ASSIGNMENT
For the material below, return exactly the lines starting at the line containing "#175=FACE_BOUND('',#174,.T.);" and ending at the line containing "#216=AXIS2_PLACEMENT_3D('',#213,#214,#215);", both ends included, and no others.

STUDY MATERIAL
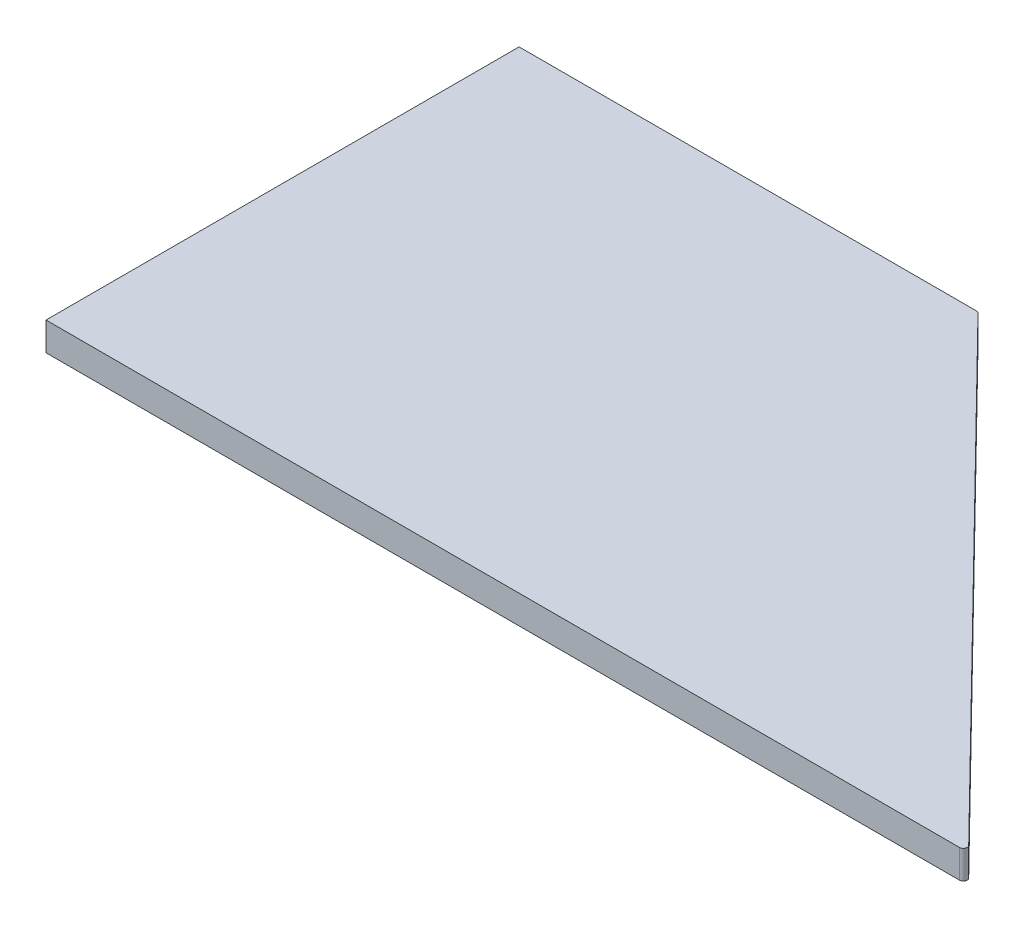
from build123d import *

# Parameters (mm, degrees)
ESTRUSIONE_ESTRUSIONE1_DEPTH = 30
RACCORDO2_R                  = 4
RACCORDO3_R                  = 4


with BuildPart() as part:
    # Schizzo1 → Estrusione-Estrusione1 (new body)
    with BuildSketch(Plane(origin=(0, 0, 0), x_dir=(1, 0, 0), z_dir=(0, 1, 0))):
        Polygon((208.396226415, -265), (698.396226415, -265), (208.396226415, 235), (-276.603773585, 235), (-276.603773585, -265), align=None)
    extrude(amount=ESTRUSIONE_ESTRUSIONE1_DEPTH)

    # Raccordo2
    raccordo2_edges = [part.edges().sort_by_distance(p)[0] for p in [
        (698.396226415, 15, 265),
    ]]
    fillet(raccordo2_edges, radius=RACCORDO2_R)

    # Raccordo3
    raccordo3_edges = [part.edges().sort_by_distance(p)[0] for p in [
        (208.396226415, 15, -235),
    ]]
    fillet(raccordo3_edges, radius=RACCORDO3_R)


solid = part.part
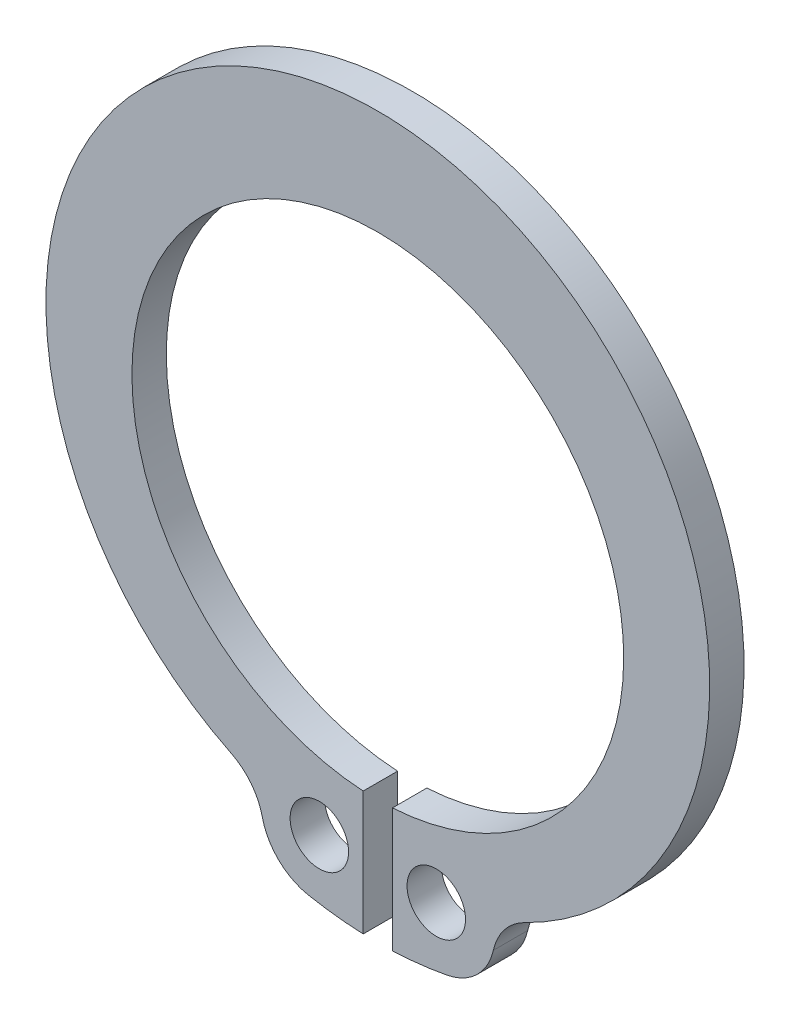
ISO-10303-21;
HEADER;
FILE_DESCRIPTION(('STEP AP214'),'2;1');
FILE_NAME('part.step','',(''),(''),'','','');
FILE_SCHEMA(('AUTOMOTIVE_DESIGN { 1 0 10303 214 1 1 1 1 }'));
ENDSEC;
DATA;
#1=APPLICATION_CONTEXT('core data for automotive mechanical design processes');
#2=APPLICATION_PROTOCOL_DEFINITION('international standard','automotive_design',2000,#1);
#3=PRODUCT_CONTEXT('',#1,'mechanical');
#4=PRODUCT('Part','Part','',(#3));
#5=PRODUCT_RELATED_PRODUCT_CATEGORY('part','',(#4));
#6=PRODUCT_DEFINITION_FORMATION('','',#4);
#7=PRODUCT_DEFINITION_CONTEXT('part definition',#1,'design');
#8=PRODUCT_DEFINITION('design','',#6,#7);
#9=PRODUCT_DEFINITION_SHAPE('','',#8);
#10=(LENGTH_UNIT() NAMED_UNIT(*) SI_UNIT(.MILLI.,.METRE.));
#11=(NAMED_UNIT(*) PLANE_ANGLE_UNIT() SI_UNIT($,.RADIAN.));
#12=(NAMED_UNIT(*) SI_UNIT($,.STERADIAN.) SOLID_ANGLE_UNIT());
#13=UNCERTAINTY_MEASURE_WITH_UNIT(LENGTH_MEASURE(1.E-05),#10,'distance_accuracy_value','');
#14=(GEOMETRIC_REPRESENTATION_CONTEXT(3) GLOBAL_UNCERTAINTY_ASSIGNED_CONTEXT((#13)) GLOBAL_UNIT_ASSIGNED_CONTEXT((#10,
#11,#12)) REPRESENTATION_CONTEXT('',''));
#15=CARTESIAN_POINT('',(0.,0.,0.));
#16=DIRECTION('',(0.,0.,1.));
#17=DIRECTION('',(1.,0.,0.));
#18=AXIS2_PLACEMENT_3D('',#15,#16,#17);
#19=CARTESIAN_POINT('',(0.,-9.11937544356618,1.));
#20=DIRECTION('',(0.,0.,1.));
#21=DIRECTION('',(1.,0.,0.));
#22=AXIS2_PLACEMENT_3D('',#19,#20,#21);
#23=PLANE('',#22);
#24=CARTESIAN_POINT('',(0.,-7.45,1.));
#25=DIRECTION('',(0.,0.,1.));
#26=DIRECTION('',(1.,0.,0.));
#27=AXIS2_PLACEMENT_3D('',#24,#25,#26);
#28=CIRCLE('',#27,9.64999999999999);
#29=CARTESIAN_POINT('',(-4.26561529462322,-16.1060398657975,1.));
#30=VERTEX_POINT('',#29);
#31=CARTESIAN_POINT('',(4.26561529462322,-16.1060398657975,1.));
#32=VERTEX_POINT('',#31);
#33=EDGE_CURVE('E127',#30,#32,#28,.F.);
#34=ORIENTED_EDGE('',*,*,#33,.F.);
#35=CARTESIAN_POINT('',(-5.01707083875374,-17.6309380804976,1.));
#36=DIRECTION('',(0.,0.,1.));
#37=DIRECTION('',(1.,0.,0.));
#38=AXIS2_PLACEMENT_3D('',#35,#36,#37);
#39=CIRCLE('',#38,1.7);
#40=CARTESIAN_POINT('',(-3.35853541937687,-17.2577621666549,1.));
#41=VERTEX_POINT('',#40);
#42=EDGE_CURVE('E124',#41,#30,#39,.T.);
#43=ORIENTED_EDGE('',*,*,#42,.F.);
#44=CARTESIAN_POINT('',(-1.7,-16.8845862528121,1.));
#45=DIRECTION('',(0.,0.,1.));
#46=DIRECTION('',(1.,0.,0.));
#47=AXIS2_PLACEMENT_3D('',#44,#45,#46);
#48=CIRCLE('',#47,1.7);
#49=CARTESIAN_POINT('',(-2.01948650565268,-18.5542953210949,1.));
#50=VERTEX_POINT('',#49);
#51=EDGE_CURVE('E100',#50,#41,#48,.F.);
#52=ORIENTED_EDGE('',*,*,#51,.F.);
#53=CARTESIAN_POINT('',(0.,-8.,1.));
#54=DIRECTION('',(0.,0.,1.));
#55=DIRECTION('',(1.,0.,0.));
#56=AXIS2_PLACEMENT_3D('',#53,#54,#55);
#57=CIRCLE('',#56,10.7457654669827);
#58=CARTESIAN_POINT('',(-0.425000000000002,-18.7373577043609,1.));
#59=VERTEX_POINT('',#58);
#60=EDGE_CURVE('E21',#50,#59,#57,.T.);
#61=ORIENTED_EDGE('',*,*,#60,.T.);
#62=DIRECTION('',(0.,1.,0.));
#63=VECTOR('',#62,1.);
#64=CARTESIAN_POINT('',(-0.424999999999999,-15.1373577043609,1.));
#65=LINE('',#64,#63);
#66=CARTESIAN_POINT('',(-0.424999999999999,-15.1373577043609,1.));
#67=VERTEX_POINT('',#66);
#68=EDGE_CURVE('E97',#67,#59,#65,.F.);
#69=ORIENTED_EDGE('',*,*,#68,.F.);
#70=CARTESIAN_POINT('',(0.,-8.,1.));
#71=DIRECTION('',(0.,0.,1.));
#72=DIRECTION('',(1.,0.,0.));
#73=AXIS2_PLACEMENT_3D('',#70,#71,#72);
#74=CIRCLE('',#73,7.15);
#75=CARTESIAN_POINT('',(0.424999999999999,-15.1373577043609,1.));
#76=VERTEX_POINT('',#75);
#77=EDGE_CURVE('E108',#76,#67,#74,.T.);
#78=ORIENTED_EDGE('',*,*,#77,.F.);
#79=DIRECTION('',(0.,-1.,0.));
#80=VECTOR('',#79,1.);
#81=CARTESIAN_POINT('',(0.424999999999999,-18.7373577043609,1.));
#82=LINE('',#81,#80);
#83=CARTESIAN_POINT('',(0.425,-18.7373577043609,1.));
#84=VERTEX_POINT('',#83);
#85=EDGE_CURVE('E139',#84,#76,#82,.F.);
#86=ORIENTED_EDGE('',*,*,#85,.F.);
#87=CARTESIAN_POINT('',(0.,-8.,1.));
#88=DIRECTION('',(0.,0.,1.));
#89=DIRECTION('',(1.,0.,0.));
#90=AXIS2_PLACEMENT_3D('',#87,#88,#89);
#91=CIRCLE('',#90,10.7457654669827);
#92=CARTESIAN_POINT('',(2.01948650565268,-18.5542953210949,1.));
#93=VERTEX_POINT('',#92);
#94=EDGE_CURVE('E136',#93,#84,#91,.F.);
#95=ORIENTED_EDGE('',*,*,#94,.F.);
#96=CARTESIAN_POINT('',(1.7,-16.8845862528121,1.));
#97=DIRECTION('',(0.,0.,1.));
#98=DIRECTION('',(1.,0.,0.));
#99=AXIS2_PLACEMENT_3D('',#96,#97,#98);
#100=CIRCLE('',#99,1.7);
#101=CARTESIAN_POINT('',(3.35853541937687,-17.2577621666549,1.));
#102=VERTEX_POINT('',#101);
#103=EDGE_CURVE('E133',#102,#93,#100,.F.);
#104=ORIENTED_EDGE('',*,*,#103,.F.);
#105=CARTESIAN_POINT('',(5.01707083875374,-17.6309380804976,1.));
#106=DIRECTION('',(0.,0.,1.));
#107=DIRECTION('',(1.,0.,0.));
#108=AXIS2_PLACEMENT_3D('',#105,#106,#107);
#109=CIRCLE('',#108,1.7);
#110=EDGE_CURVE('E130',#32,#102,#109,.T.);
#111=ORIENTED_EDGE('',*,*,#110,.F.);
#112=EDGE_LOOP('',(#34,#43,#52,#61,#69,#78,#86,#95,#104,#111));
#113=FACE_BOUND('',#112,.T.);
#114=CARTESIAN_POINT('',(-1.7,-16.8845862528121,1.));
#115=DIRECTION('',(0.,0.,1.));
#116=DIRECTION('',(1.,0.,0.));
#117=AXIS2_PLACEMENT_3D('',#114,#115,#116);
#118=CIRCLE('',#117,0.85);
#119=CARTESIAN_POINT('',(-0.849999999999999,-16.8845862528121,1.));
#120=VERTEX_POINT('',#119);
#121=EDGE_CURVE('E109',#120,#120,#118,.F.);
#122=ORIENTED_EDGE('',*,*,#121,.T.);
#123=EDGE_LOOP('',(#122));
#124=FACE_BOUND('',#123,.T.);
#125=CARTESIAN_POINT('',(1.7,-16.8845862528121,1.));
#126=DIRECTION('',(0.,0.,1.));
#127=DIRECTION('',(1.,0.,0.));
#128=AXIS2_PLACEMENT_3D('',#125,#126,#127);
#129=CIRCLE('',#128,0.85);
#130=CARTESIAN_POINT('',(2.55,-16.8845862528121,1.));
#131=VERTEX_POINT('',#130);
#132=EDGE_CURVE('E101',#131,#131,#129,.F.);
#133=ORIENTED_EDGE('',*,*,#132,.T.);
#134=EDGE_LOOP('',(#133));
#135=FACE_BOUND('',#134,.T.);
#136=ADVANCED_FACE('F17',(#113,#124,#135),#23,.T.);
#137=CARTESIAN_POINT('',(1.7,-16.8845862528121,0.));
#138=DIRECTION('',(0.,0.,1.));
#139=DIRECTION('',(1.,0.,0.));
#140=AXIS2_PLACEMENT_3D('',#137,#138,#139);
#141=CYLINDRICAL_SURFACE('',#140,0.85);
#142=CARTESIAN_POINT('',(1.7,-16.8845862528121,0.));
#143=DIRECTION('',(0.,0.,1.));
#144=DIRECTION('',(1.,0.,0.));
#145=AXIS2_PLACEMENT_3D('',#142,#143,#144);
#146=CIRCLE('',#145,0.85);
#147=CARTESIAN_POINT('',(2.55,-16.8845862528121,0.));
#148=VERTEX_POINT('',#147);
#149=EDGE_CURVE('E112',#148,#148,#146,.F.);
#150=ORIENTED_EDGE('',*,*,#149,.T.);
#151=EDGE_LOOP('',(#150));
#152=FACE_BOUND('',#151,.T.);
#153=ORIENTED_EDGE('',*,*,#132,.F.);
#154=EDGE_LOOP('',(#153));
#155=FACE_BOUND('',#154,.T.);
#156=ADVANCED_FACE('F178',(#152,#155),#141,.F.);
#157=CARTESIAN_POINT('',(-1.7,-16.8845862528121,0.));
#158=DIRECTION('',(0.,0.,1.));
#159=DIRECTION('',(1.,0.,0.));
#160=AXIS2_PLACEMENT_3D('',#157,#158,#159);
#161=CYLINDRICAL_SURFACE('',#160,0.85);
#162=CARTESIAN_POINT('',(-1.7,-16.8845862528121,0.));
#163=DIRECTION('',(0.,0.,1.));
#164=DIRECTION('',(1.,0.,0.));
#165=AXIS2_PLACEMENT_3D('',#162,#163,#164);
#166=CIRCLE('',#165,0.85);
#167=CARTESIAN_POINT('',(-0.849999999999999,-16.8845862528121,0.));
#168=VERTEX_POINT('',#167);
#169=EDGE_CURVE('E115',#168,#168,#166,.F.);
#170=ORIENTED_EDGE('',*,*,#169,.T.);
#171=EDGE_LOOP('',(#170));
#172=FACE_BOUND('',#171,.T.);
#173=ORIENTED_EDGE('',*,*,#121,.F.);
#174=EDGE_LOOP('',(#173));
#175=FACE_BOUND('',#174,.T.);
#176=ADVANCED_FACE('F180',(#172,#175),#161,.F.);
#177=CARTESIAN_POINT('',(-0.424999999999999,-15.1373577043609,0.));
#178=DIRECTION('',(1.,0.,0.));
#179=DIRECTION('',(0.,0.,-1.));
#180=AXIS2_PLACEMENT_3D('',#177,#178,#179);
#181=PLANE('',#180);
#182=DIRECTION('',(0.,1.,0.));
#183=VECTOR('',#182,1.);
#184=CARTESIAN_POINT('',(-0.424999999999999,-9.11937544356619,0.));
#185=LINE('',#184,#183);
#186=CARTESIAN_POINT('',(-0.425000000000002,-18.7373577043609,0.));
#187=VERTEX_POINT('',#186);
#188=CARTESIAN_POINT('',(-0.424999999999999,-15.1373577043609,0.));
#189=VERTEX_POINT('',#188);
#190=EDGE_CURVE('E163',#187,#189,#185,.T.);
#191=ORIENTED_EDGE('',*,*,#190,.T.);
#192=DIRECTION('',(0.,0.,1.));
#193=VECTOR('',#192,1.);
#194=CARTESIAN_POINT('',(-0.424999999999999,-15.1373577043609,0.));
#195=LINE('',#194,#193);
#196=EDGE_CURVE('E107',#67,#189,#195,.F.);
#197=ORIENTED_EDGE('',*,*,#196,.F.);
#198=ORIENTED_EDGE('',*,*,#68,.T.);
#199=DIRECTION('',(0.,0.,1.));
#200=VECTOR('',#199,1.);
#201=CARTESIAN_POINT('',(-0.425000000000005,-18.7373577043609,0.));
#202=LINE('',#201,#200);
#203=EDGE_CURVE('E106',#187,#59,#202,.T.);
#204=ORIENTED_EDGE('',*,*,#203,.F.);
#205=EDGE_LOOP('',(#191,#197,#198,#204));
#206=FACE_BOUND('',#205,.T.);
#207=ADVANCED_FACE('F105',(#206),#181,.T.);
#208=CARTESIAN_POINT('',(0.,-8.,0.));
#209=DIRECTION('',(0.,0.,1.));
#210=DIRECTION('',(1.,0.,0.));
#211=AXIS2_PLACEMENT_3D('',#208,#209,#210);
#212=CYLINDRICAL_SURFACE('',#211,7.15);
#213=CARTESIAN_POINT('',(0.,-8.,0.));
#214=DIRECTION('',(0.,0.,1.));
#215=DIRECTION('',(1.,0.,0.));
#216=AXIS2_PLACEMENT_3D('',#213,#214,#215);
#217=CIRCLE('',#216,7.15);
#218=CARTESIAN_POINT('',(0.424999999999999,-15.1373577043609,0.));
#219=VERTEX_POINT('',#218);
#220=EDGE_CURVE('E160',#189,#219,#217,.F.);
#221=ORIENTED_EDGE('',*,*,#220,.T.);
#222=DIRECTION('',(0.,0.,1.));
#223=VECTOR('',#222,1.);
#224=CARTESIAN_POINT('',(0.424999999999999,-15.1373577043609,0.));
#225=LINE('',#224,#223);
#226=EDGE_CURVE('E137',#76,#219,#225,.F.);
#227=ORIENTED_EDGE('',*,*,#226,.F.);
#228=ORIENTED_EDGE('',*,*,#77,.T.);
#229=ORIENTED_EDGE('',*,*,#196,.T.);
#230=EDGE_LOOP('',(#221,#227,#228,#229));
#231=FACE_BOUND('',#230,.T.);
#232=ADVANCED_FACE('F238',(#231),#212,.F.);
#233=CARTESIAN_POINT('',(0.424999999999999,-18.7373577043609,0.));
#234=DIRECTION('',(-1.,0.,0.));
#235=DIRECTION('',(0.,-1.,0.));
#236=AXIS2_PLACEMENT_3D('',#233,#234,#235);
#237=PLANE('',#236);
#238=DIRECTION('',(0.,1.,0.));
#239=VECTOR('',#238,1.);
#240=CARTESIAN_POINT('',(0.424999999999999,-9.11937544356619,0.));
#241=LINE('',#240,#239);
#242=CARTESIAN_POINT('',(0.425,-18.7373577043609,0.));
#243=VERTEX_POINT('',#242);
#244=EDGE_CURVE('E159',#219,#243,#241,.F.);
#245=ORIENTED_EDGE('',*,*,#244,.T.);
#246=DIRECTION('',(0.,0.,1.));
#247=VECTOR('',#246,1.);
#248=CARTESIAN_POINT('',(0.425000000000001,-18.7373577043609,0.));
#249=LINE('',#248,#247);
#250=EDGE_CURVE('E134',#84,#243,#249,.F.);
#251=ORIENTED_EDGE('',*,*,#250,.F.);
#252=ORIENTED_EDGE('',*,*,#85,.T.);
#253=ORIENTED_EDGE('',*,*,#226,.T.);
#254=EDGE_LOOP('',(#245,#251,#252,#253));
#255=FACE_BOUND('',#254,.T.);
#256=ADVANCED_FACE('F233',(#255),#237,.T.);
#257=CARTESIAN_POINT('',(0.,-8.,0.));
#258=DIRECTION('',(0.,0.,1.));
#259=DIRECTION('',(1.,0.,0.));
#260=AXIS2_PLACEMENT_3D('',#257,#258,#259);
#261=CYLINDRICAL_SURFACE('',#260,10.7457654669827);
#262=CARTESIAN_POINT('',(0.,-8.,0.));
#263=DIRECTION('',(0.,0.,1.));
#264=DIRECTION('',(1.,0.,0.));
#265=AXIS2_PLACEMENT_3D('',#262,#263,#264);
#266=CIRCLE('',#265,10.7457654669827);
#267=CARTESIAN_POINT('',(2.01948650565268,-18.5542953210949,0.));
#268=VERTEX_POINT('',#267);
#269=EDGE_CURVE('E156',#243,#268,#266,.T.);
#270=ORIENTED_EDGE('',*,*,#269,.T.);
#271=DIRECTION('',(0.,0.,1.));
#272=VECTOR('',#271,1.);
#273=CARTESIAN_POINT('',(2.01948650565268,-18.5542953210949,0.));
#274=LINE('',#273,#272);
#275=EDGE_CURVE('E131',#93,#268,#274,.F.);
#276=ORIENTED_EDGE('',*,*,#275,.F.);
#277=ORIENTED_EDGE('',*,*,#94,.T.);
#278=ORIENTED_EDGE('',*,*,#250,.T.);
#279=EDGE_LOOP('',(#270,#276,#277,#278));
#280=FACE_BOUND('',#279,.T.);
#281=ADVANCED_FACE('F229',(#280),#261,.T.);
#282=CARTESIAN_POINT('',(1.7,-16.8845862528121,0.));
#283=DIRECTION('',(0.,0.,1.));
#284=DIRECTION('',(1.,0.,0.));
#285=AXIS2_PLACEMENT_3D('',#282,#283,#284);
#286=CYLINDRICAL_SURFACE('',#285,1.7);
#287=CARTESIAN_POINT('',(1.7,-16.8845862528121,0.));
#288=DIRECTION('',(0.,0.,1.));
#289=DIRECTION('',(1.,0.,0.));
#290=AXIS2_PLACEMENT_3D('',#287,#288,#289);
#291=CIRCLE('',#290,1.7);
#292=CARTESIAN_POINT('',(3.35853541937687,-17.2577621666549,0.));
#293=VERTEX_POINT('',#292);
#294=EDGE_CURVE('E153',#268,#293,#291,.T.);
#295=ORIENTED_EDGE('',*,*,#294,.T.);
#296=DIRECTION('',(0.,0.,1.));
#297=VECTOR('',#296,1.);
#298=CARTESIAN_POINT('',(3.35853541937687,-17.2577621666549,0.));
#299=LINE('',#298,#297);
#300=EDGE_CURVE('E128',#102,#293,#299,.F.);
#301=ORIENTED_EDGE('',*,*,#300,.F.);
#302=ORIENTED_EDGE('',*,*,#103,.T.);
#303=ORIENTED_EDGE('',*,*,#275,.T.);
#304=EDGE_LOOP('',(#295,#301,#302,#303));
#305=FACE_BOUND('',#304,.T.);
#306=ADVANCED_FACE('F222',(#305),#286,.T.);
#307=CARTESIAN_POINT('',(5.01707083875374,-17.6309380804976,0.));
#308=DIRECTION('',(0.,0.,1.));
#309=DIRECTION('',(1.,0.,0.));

REPLY TO THE TASK
#175=FACE_BOUND('',#174,.T.);
#176=ADVANCED_FACE('F180',(#172,#175),#161,.F.);
#177=CARTESIAN_POINT('',(-0.424999999999999,-15.1373577043609,0.));
#178=DIRECTION('',(1.,0.,0.));
#179=DIRECTION('',(0.,0.,-1.));
#180=AXIS2_PLACEMENT_3D('',#177,#178,#179);
#181=PLANE('',#180);
#182=DIRECTION('',(0.,1.,0.));
#183=VECTOR('',#182,1.);
#184=CARTESIAN_POINT('',(-0.424999999999999,-9.11937544356619,0.));
#185=LINE('',#184,#183);
#186=CARTESIAN_POINT('',(-0.425000000000002,-18.7373577043609,0.));
#187=VERTEX_POINT('',#186);
#188=CARTESIAN_POINT('',(-0.424999999999999,-15.1373577043609,0.));
#189=VERTEX_POINT('',#188);
#190=EDGE_CURVE('E163',#187,#189,#185,.T.);
#191=ORIENTED_EDGE('',*,*,#190,.T.);
#192=DIRECTION('',(0.,0.,1.));
#193=VECTOR('',#192,1.);
#194=CARTESIAN_POINT('',(-0.424999999999999,-15.1373577043609,0.));
#195=LINE('',#194,#193);
#196=EDGE_CURVE('E107',#67,#189,#195,.F.);
#197=ORIENTED_EDGE('',*,*,#196,.F.);
#198=ORIENTED_EDGE('',*,*,#68,.T.);
#199=DIRECTION('',(0.,0.,1.));
#200=VECTOR('',#199,1.);
#201=CARTESIAN_POINT('',(-0.425000000000005,-18.7373577043609,0.));
#202=LINE('',#201,#200);
#203=EDGE_CURVE('E106',#187,#59,#202,.T.);
#204=ORIENTED_EDGE('',*,*,#203,.F.);
#205=EDGE_LOOP('',(#191,#197,#198,#204));
#206=FACE_BOUND('',#205,.T.);
#207=ADVANCED_FACE('F105',(#206),#181,.T.);
#208=CARTESIAN_POINT('',(0.,-8.,0.));
#209=DIRECTION('',(0.,0.,1.));
#210=DIRECTION('',(1.,0.,0.));
#211=AXIS2_PLACEMENT_3D('',#208,#209,#210);
#212=CYLINDRICAL_SURFACE('',#211,7.15);
#213=CARTESIAN_POINT('',(0.,-8.,0.));
#214=DIRECTION('',(0.,0.,1.));
#215=DIRECTION('',(1.,0.,0.));
#216=AXIS2_PLACEMENT_3D('',#213,#214,#215);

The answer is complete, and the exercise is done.